DATA TO EXAMINE:
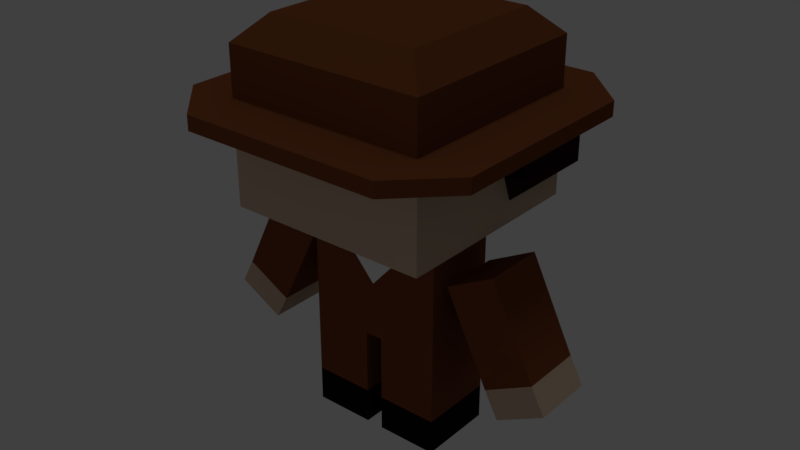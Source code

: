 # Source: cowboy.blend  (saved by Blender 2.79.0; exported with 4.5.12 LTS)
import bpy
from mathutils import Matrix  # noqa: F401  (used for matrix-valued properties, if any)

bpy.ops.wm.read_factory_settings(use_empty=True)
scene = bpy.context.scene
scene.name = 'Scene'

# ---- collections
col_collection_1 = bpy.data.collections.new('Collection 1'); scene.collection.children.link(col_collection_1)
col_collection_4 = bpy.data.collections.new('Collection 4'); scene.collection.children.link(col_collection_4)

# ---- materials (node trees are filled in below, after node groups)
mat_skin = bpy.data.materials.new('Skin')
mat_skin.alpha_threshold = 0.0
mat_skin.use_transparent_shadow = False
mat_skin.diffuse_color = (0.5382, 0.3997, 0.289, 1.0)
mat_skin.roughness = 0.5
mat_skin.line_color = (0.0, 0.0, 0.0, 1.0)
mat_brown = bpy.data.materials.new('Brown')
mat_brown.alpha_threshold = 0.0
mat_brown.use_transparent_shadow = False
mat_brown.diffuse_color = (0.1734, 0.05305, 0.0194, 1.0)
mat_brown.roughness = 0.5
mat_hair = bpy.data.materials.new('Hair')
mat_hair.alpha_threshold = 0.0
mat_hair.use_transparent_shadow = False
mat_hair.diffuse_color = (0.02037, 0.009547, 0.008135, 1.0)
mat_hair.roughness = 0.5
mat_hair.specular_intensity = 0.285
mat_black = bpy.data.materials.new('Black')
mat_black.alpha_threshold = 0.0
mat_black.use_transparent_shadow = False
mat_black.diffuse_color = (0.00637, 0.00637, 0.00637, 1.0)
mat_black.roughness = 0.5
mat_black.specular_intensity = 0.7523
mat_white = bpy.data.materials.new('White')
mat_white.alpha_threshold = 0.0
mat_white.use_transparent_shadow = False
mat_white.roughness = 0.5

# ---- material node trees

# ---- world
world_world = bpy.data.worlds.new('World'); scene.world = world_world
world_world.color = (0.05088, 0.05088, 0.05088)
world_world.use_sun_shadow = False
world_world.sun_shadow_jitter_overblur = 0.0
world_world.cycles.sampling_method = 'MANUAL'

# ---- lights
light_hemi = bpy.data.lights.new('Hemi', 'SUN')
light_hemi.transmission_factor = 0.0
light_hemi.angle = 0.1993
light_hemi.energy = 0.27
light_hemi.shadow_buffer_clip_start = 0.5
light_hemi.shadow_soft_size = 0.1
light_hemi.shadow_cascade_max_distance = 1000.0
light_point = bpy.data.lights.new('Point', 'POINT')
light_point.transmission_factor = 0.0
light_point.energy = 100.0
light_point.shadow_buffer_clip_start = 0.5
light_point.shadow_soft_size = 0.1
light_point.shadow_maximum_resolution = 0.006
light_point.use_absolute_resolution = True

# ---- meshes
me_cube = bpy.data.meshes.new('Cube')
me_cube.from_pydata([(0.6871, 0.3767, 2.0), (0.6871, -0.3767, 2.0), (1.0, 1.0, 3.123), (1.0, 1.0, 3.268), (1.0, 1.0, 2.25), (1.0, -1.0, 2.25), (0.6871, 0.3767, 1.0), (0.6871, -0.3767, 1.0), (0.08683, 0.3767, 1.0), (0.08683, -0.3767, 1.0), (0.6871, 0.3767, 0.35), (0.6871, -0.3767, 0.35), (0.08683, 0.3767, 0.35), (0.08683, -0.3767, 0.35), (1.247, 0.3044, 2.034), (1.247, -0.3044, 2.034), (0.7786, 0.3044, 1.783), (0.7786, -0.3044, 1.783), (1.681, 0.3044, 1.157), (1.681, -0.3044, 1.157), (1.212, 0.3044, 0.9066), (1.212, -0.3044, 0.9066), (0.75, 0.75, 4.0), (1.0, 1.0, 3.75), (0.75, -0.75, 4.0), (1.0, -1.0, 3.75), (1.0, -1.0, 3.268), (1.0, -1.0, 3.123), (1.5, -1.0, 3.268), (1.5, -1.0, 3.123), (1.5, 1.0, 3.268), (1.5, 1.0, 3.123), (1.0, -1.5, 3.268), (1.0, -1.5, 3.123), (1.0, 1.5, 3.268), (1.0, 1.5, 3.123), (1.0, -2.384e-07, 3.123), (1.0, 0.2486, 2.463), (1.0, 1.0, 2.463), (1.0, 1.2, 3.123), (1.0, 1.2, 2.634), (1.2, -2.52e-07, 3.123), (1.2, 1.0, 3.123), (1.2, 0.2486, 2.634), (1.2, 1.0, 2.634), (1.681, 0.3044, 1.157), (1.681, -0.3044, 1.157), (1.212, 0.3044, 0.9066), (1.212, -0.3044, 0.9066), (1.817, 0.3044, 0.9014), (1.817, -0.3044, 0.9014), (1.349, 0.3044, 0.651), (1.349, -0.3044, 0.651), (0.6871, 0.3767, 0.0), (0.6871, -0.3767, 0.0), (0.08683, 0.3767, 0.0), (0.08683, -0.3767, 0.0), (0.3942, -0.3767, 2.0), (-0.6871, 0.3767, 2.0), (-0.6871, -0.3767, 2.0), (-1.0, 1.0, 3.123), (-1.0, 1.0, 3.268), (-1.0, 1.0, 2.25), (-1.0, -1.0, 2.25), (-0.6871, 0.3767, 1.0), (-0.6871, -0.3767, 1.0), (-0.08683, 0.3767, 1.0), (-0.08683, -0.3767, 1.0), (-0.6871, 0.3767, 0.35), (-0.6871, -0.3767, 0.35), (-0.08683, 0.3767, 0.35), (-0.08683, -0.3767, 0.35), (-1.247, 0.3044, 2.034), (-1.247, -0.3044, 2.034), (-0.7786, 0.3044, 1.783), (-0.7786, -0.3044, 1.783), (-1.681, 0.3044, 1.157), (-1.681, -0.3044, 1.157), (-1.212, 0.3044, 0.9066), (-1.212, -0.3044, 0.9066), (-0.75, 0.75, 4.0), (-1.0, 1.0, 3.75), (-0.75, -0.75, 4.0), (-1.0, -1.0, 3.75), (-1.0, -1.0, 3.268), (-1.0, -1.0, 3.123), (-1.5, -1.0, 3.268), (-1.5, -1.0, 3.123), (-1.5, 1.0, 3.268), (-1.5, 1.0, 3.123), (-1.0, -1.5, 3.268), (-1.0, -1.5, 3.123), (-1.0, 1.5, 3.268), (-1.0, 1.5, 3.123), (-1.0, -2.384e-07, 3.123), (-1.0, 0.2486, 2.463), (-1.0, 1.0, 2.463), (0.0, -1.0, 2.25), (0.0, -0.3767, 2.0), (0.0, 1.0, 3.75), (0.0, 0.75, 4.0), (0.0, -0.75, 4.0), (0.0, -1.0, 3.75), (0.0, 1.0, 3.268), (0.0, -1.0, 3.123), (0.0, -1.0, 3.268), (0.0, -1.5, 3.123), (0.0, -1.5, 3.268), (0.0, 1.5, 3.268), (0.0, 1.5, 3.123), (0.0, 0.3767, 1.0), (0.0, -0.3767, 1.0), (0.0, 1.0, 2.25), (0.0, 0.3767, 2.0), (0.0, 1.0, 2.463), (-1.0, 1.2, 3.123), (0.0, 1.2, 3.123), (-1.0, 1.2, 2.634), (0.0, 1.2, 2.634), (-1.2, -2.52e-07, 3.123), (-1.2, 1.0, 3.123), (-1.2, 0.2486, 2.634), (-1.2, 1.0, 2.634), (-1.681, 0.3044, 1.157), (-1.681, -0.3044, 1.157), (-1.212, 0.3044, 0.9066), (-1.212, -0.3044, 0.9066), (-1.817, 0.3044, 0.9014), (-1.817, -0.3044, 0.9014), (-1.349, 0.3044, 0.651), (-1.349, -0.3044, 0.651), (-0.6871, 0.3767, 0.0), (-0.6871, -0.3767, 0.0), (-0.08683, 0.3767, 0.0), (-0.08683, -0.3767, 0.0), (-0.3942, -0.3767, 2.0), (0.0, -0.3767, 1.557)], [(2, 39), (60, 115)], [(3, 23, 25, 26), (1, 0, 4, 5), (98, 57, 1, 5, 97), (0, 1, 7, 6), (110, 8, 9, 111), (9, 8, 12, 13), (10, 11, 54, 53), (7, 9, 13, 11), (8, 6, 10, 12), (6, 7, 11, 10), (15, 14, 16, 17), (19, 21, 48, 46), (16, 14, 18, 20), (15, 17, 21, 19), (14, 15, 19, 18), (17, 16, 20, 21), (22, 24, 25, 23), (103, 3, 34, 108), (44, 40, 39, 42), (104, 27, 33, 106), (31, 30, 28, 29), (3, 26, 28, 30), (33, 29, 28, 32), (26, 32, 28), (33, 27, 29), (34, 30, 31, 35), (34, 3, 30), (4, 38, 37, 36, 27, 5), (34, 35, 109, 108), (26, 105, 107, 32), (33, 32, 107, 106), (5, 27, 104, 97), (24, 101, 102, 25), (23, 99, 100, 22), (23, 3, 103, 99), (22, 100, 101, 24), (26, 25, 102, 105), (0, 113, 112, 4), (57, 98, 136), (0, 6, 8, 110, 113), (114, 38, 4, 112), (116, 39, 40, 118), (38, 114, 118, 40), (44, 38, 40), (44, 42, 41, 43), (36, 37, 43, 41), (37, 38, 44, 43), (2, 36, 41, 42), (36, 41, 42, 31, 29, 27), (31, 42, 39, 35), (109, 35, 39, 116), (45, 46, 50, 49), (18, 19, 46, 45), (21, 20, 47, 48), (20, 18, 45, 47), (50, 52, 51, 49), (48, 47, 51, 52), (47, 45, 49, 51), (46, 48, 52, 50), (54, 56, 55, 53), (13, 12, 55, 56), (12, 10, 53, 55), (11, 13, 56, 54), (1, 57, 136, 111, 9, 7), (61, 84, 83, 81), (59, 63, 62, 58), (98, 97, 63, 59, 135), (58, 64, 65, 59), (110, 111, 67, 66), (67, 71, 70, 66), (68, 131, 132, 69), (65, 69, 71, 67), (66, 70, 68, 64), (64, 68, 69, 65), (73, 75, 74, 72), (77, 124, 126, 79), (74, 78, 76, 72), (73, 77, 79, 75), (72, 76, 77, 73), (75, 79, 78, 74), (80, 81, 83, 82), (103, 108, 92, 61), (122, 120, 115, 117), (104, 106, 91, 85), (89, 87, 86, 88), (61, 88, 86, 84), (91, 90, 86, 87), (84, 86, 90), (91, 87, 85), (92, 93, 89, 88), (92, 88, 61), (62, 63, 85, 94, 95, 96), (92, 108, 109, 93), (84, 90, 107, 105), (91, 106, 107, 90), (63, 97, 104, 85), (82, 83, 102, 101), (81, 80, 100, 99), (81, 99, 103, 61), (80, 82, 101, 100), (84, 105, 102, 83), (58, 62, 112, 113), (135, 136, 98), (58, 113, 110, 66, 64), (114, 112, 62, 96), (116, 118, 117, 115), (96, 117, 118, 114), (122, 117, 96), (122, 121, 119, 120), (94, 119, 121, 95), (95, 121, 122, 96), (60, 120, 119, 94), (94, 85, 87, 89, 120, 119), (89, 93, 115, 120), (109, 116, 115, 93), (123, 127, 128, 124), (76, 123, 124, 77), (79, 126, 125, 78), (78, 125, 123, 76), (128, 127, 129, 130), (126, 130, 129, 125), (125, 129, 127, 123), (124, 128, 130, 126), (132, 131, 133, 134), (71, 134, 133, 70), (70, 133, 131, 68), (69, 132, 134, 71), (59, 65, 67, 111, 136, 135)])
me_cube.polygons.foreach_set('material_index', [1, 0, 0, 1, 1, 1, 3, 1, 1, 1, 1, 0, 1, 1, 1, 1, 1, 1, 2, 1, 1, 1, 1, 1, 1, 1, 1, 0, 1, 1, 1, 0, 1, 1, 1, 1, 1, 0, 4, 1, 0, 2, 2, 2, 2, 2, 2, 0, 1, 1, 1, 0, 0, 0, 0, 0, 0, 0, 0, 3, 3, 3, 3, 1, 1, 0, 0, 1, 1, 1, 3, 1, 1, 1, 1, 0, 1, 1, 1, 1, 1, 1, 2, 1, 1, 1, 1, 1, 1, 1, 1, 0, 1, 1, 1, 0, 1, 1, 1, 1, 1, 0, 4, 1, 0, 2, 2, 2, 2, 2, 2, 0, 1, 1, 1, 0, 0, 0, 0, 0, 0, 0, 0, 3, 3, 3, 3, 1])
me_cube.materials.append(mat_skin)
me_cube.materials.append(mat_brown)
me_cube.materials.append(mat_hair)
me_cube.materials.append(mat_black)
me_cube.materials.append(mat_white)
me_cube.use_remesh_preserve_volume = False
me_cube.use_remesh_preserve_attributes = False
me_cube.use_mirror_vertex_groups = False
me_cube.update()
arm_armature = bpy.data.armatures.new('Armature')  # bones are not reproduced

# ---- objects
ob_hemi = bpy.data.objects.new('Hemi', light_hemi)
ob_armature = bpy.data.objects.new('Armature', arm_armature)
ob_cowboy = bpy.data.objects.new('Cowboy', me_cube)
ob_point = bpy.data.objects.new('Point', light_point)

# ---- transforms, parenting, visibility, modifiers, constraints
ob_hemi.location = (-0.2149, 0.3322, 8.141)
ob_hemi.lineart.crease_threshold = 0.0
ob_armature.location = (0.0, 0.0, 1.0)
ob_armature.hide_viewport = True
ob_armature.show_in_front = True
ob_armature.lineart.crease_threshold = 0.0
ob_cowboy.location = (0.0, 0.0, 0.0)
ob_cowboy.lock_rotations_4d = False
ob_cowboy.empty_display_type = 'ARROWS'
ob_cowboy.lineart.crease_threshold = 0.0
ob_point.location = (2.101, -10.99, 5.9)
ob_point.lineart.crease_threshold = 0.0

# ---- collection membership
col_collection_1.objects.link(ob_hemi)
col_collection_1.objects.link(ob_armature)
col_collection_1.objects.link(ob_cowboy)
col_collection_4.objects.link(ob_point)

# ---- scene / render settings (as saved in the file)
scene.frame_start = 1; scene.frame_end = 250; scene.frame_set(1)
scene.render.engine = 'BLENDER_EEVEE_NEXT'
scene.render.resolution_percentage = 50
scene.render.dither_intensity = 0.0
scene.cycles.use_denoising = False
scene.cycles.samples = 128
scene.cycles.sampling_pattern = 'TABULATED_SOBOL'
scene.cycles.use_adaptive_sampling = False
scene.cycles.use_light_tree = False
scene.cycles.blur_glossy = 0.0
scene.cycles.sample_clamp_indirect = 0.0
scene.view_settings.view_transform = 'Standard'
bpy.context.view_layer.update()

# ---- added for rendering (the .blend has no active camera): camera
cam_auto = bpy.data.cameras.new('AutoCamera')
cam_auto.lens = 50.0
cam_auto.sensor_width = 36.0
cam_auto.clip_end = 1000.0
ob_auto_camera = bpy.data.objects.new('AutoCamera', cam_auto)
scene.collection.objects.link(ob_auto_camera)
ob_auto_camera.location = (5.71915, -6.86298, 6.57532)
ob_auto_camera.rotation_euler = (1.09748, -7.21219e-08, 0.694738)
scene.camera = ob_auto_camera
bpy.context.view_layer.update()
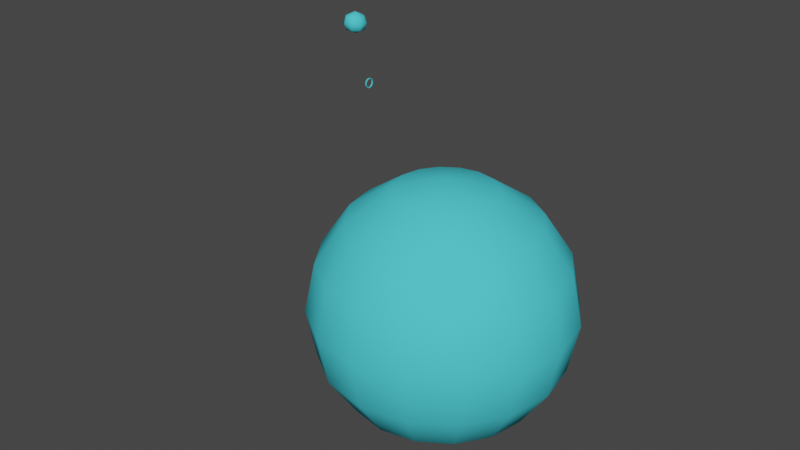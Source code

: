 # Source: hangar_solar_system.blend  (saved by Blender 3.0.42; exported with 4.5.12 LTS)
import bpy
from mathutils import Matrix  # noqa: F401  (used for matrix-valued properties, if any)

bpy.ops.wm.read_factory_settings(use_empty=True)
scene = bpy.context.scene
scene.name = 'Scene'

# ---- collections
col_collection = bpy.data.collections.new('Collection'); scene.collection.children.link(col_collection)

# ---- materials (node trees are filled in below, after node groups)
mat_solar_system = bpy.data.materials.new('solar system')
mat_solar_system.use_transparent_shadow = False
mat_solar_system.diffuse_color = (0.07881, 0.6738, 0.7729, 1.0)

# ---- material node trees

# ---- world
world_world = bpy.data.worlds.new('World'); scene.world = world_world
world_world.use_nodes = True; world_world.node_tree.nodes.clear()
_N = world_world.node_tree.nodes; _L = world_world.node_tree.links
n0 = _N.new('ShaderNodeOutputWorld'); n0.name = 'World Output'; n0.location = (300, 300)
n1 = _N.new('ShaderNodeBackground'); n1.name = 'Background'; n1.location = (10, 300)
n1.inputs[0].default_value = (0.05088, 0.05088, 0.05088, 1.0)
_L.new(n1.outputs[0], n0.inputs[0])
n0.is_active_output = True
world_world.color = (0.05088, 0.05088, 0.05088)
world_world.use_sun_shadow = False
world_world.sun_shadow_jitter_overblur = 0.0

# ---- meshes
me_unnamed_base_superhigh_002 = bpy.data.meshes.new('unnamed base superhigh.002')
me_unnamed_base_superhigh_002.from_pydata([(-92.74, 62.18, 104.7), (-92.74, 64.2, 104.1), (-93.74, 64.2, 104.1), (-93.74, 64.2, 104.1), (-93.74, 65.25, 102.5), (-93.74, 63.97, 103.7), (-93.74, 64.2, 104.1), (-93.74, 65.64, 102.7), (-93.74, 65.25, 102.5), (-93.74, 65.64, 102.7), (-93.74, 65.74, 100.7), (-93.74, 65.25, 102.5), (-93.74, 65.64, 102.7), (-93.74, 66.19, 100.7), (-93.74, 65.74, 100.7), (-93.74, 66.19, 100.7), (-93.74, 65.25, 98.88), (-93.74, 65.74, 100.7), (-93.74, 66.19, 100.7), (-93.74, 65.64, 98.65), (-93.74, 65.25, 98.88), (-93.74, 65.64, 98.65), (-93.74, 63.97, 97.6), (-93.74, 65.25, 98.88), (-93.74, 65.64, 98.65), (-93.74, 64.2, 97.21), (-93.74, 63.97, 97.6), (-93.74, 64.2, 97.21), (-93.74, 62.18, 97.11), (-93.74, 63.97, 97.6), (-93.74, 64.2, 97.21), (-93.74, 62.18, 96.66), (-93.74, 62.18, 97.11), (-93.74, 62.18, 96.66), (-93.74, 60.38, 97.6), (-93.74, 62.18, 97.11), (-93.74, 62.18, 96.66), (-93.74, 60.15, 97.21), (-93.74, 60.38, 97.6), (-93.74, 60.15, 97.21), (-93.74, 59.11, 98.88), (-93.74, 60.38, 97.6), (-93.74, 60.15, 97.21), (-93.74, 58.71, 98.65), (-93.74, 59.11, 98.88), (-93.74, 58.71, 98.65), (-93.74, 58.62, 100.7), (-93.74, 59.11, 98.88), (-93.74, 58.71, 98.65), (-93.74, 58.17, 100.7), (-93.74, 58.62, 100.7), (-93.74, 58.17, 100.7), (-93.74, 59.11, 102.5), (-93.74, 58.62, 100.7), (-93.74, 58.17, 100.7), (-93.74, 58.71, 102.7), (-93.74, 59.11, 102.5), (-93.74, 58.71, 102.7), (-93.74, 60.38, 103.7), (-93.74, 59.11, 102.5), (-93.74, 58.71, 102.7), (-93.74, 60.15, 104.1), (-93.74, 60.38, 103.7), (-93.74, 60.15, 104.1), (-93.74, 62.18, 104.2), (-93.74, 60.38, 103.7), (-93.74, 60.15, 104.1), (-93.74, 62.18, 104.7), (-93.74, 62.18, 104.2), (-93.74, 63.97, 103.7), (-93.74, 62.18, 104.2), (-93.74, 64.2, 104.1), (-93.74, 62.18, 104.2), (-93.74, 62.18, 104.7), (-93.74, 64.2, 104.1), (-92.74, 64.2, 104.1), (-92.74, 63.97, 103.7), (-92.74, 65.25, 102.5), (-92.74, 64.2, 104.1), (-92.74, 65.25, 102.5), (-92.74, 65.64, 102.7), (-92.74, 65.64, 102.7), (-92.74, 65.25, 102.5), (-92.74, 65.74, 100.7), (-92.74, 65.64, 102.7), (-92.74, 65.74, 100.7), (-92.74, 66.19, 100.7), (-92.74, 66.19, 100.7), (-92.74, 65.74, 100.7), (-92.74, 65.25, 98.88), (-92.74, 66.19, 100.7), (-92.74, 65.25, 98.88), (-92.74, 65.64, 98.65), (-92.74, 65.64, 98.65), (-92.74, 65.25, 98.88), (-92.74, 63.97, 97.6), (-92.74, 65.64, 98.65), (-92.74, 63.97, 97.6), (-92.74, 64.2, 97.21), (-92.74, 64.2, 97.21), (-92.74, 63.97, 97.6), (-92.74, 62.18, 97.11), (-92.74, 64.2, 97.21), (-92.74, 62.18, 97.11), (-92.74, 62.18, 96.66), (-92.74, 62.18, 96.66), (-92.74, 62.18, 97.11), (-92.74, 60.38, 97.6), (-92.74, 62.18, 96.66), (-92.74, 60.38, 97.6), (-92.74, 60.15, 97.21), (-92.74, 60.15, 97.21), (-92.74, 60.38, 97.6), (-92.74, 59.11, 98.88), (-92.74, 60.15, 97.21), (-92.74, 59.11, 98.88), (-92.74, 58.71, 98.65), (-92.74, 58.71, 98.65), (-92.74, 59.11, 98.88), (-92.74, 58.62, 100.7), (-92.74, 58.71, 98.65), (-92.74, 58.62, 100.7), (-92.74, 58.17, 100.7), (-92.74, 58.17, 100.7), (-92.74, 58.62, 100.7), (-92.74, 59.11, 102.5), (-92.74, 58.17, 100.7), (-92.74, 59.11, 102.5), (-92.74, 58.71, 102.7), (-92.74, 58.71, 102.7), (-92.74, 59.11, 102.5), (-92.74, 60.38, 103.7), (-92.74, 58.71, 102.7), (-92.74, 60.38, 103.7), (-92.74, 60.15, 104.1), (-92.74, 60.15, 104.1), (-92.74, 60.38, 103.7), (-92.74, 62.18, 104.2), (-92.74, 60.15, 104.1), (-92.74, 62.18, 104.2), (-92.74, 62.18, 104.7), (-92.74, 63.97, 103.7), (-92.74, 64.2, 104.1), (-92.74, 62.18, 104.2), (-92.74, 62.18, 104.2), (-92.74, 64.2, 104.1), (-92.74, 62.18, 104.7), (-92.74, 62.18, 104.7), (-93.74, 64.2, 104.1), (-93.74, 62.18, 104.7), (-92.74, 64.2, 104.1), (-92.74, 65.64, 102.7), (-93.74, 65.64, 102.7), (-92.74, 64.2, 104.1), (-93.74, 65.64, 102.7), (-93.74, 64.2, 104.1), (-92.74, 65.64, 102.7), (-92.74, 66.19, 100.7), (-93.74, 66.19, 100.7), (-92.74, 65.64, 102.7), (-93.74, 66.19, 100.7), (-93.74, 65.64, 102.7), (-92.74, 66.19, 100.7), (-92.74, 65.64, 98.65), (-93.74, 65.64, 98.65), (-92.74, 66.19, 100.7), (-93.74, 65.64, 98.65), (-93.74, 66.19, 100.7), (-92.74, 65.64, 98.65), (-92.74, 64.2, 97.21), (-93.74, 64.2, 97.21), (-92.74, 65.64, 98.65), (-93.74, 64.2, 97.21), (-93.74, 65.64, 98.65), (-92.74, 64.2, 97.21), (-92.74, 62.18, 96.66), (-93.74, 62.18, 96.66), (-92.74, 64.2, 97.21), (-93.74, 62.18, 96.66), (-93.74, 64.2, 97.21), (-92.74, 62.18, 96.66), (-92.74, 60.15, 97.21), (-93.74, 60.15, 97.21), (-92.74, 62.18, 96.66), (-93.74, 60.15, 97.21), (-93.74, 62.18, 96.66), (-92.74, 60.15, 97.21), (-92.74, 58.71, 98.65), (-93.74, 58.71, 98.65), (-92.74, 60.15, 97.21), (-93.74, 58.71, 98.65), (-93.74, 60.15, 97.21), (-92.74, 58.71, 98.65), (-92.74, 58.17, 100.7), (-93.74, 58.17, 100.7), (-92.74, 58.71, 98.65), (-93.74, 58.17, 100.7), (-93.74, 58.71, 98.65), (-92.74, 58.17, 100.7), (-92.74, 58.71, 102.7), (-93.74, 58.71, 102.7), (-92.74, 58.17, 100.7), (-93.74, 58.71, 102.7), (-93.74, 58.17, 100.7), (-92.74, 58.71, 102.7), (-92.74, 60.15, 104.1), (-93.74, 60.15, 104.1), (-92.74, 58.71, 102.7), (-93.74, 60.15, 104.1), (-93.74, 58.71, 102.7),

WORK REQUEST:
Of the entries above, repeat exactly the lines from the line with "mat_black.specular_intensity = 0.7523" through the line with "me_cube = bpy.data.meshes.new('Cube')", both of them included.

SOLUTION FOR THIS EXERCISE:
mat_black.specular_intensity = 0.7523
mat_white = bpy.data.materials.new('White')
mat_white.alpha_threshold = 0.0
mat_white.use_transparent_shadow = False
mat_white.roughness = 0.5

# ---- material node trees

# ---- world
world_world = bpy.data.worlds.new('World'); scene.world = world_world
world_world.color = (0.05088, 0.05088, 0.05088)
world_world.use_sun_shadow = False
world_world.sun_shadow_jitter_overblur = 0.0
world_world.cycles.sampling_method = 'MANUAL'

# ---- lights
light_hemi = bpy.data.lights.new('Hemi', 'SUN')
light_hemi.transmission_factor = 0.0
light_hemi.angle = 0.1993
light_hemi.energy = 0.27
light_hemi.shadow_buffer_clip_start = 0.5
light_hemi.shadow_soft_size = 0.1
light_hemi.shadow_cascade_max_distance = 1000.0
light_point = bpy.data.lights.new('Point', 'POINT')
light_point.transmission_factor = 0.0
light_point.energy = 100.0
light_point.shadow_buffer_clip_start = 0.5
light_point.shadow_soft_size = 0.1
light_point.shadow_maximum_resolution = 0.006
light_point.use_absolute_resolution = True

# ---- meshes
me_cube = bpy.data.meshes.new('Cube')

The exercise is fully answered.